Thanks for any and all suggestions and disscussion.


----------



## GCBHM

Well there are certain guns that don't do JHPs well, and it really isn't restricted to junk guns either. Browning Hi-Power is a good example of this. It is one of the finest guns ever made, but it just does not feed JHPs well. It has more to do with the angle of the feed ramp than anything, in my experience. The 1911 is another platform that doesn't always feed JHPs that well. 

I'm not familiar with the PT111, but I know it is a relatively popular gun. I think it's due to the cost mainly, but it seems to make a lot of PT111 owners happy. I would suggest looking for ammunition like the Critical Duty or Critical Defense that have more narrow tips than some other offerings like HST or Gold Dot. Hornady makes the XTP bullet which is used in their Hornady Custom ammunition and their newer American Gunner product, both of which are more narrow at the point. Try that and see if it helps.


----------



## ferg75407

This sounds like a project with calipers at the ammo store. It makes sense since there are variations of dimensions. 
I'll be using this information on my future purchases. 
Thanks for your input, good day


----------



## hud35500

I'm not familiar with Monarch ammunition, but the DRT stuff can cause malfunctions in some handguns. Very high velocity and light weight bullets don't allow the gun to completely cycle the slide, resulting in a failure to feed properly. I use Federal HST's, Winchester Ranger, & Speer Gold Dot in my G2 and have had no malfunctions. Either 115 or 124 grain. Try some of these, if you experience further FTF's, It's probably not the ammo.


----------



## pic

Keep using hardball, 
Its the way to go anyway. 

Better reliability,


----------



## Steve M1911A1

Any decent pistolsmith should be able to make any pistol feed any ammunition.
My 1911s both feed empty cases, for example.
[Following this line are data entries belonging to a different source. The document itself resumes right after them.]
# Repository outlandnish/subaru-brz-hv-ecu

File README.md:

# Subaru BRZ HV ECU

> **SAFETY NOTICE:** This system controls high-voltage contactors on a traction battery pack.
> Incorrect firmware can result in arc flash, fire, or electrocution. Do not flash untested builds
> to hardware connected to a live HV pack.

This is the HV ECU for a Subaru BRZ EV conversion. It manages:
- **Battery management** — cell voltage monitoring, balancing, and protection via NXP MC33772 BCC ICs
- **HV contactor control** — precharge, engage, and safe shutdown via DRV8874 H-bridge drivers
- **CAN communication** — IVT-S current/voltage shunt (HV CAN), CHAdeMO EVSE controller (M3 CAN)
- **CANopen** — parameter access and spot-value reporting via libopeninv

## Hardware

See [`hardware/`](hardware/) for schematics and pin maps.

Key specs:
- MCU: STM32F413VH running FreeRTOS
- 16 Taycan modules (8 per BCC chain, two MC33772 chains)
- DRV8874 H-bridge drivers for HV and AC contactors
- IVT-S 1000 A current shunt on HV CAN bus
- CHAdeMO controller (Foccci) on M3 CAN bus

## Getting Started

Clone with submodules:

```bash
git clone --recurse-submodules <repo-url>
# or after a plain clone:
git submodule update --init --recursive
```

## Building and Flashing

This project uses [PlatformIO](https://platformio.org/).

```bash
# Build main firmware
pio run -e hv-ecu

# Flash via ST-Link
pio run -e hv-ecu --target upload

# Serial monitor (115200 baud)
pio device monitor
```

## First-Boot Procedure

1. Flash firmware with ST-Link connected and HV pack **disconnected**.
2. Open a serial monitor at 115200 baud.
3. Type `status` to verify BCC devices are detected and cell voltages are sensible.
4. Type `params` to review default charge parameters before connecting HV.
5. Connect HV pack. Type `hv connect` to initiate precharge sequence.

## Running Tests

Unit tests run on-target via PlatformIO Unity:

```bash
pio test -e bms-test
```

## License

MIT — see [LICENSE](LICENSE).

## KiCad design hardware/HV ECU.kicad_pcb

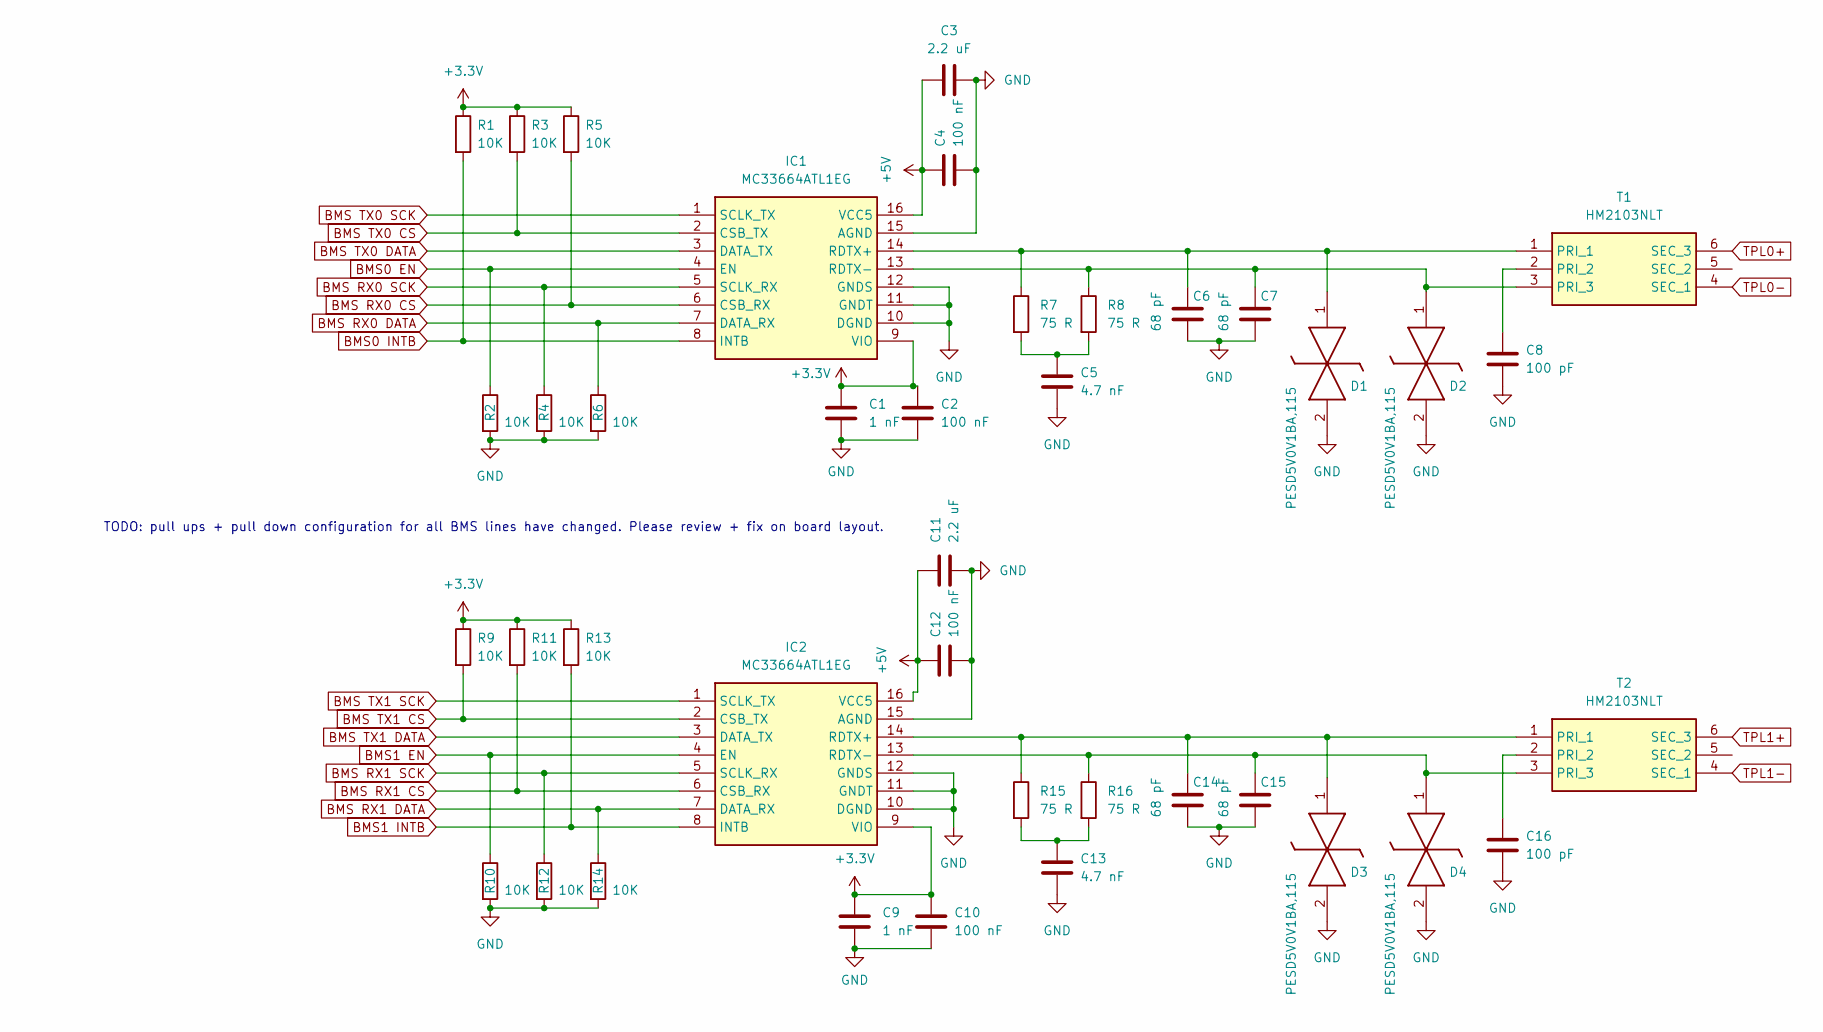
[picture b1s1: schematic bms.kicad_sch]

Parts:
C1, C9: 1 nF; C_0402_1005Metric
C2, C4, C10, C12: 100 nF; C_0402_1005Metric
C3, C11: 2.2 uF; C_0805_2012Metric
C5, C13: 4.7 nF; C_0402_1005Metric
C6, C7, C14, C15: 68 pF; C_0402_1005Metric
C8, C16: 100 pF; C_0402_1005Metric
D1, D2, D3, D4: PESD5V0V1BA,115; SOD2512X110N; Mouser Part Number 771-PESD5V0V1771-BA
IC1, IC2: MC33664ATL1EG; SOIC127P600X175-16N; Mouser Part Number 841-MC33664ATL1EG
R1, R2, R3, R4, R5, R6, R9, R10, R11, R12, R13, R14: 10K; C_0402_1005Metric
R7, R8, R15, R16: 75 R; C_0603_1608Metric
T1, T2: HM2103NLT; SOP254P940X572-6N; Mouser Part Number 673-HM2103NLT

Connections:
+3.3V: C1.1, C2.1, C9.1, C10.1, IC1.9 (VIO), IC2.9 (VIO), R1.1, R3.1, R5.1, R9.1, R11.1, R13.1; also elsewhere on the board
+5V: C3.1, C4.1, C11.1, C12.1, IC1.16 (VCC5), IC2.16 (VCC5); also elsewhere on the board
BMS0 EN: IC1.4 (EN), R2.1
BMS0 INTB: IC1.8 (INTB), R1.2
BMS1 EN: IC2.4 (EN), R10.1
BMS1 INTB: IC2.8 (INTB), R13.2
BMS RX0 CS: IC1.6 (CSB_RX), R5.2
BMS RX0 DATA: IC1.7 (DATA_RX), R6.1
BMS RX0 SCK: IC1.5 (SCLK_RX), R4.1
BMS RX1 CS: IC2.6 (CSB_RX), R11.2
BMS RX1 DATA: IC2.7 (DATA_RX), R14.1
BMS RX1 SCK: IC2.5 (SCLK_RX), R12.1
BMS TX0 CS: IC1.2 (CSB_TX), R3.2
BMS TX0 DATA: IC1.3 (DATA_TX)
BMS TX0 SCK: IC1.1 (SCLK_TX)
BMS TX1 CS: IC2.2 (CSB_TX), R9.2
BMS TX1 DATA: IC2.3 (DATA_TX)
BMS TX1 SCK: IC2.1 (SCLK_TX)
GND: C1.2, C2.2, C3.2, C4.2, C5.2, C6.2, C7.2, C8.2, C9.2, C10.2, C11.2, C12.2, C13.2, C14.2, C15.2, C16.2, D1.2 (K2), D2.2 (K2), D3.2 (K2), D4.2 (K2), IC1.10 (DGND), IC1.11 (GNDT), IC1.12 (GNDS), IC1.15 (AGND), IC2.10 (DGND), IC2.11 (GNDT), IC2.12 (GNDS), IC2.15 (AGND), R2.2, R4.2, R6.2, R10.2, R12.2, R14.2; also elsewhere on the board
unnamed: C5.1, R7.2, R8.2
unnamed: C13.1, R15.2, R16.2
unnamed: C6.1, D1.1 (K1), IC1.14 (RDTX+), R7.1, T1.1 (PRI_1)
unnamed: C7.1, D2.1 (K1), IC1.13 (RDTX-), R8.1, T1.3 (PRI_3)
unnamed: C14.1, D3.1 (K1), IC2.14 (RDTX+), R15.1, T2.1 (PRI_1)
unnamed: C15.1, D4.1 (K1), IC2.13 (RDTX-), R16.1, T2.3 (PRI_3)
unnamed: C8.1, T1.2 (PRI_2)
unnamed: C16.1, T2.2 (PRI_2)
TPL0+: T1.6 (SEC_3); also elsewhere on the board
TPL0-: T1.4 (SEC_1); also elsewhere on the board
TPL1+: T2.6 (SEC_3); also elsewhere on the board
TPL1-: T2.4 (SEC_1); also elsewhere on the board

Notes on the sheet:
TODO: pull ups + pull down configuration for all BMS lines have changed. Please review + fix on board layout.

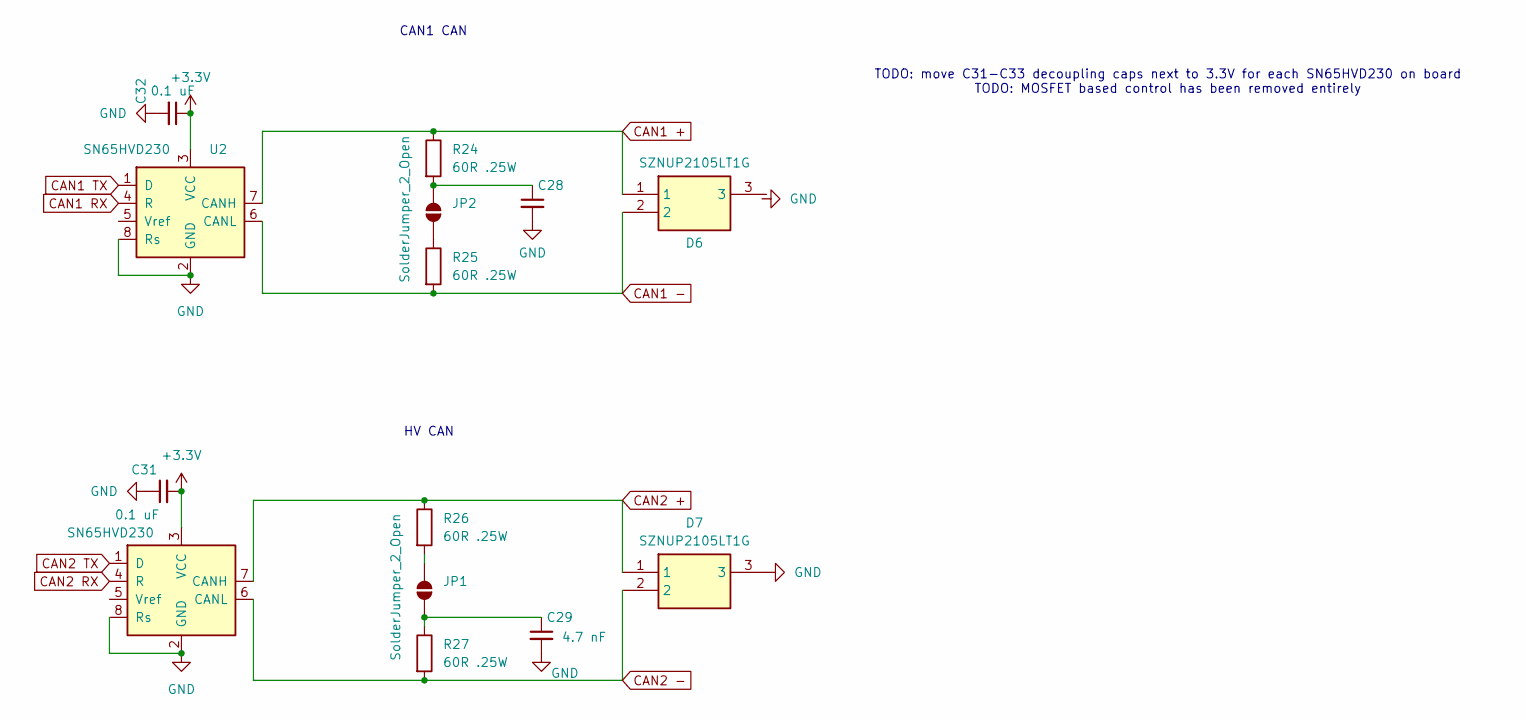
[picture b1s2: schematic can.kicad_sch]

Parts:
C28, C29: 4.7 nF; C_0402_1005Metric
C31, C32: 0.1 uF; C_0402_1005Metric
D6, D7: SZNUP2105LT1G; SOT-23_ONS; Mouser Part Number 863-SZNUP2105LT1G
JP1, JP2: SolderJumper_2_Open; SolderJumper-2_P1.3mm_Open_RoundedPad1.0x1.5mm
R24, R25, R26, R27: 60R .25W; R_0603_1608Metric
U2, U3: SN65HVD230; SOIC-8_3.9x4.9mm_P1.27mm

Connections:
+3.3V: C31.2, C32.1, U2.3 (VCC), U3.3 (VCC); also elsewhere on the board
CAN1 +: D6.1, R24.1, U2.7 (CANH); also elsewhere on the board
CAN1 -: D6.2, R25.2, U2.6 (CANL); also elsewhere on the board
CAN1 RX: U2.4 (R); also elsewhere on the board
CAN1 TX: U2.1 (D); also elsewhere on the board
CAN2 +: D7.1, R26.1, U3.7 (CANH); also elsewhere on the board
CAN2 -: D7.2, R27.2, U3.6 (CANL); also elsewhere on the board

Sometimes, it's a matter of feed angle. That's a big deal, because it could be a magazine issue, a feed-ramp issue, an extractor issue, or some combination of the three.

Generally speaking, the first thing to try is a feed-ramp polish job. That's within the kitchen-table capabilities of any reasonably-handy person.
If that works, you're home free. If it doesn't, then you need that competent pistolsmith to do a more complex job.

If you'd like instructions on how to do a polish job, please send me a PM. I have them all written out and ready, and other shooters have used them successfully.
The materials are inexpensive, and the work takes only about an hour.


----------



## ferg75407

the round makes contact with the ramp while it is too low to get the upper push. hud35500 mentioned short cycle with light ammo like the DRT 85gr makes some sense. The monarch 124gr should be heavy enough for a full stroke, mu guess. 
I have marked a magizine to track the two of them (more paper work, yae). 
Pic said keep using hardball ( you guys?)
Thanks for all the lessons. later


----------



## Steve M1911A1

Best-quality hollow-point (HP) bullets have a smoother, more-ogival nose shape, and will feed properly in _most_ properly-set-up pistols. Not all.
Try a (25-round) box of premium-quality HP ammunition-as made by Speer, Hornaday, Remington, Winchester, or one of the others-and see if it makes a difference.


----------



## Spike12

I had two 3" 1911s. Neither one would be JHP through a full magazine. Bullets that used Horady FTX bullets were the worst because FTX bullets were flat sided w/o any curve.

I agree, polishing the feed ramp _without modify it's angle_ is a great idea for just about all guns.

Secondly, doing a formal job of keeping track of which magazines work or don't work might solve your answer. Make sure they are clean, inside and out. Do NOT lubricate them.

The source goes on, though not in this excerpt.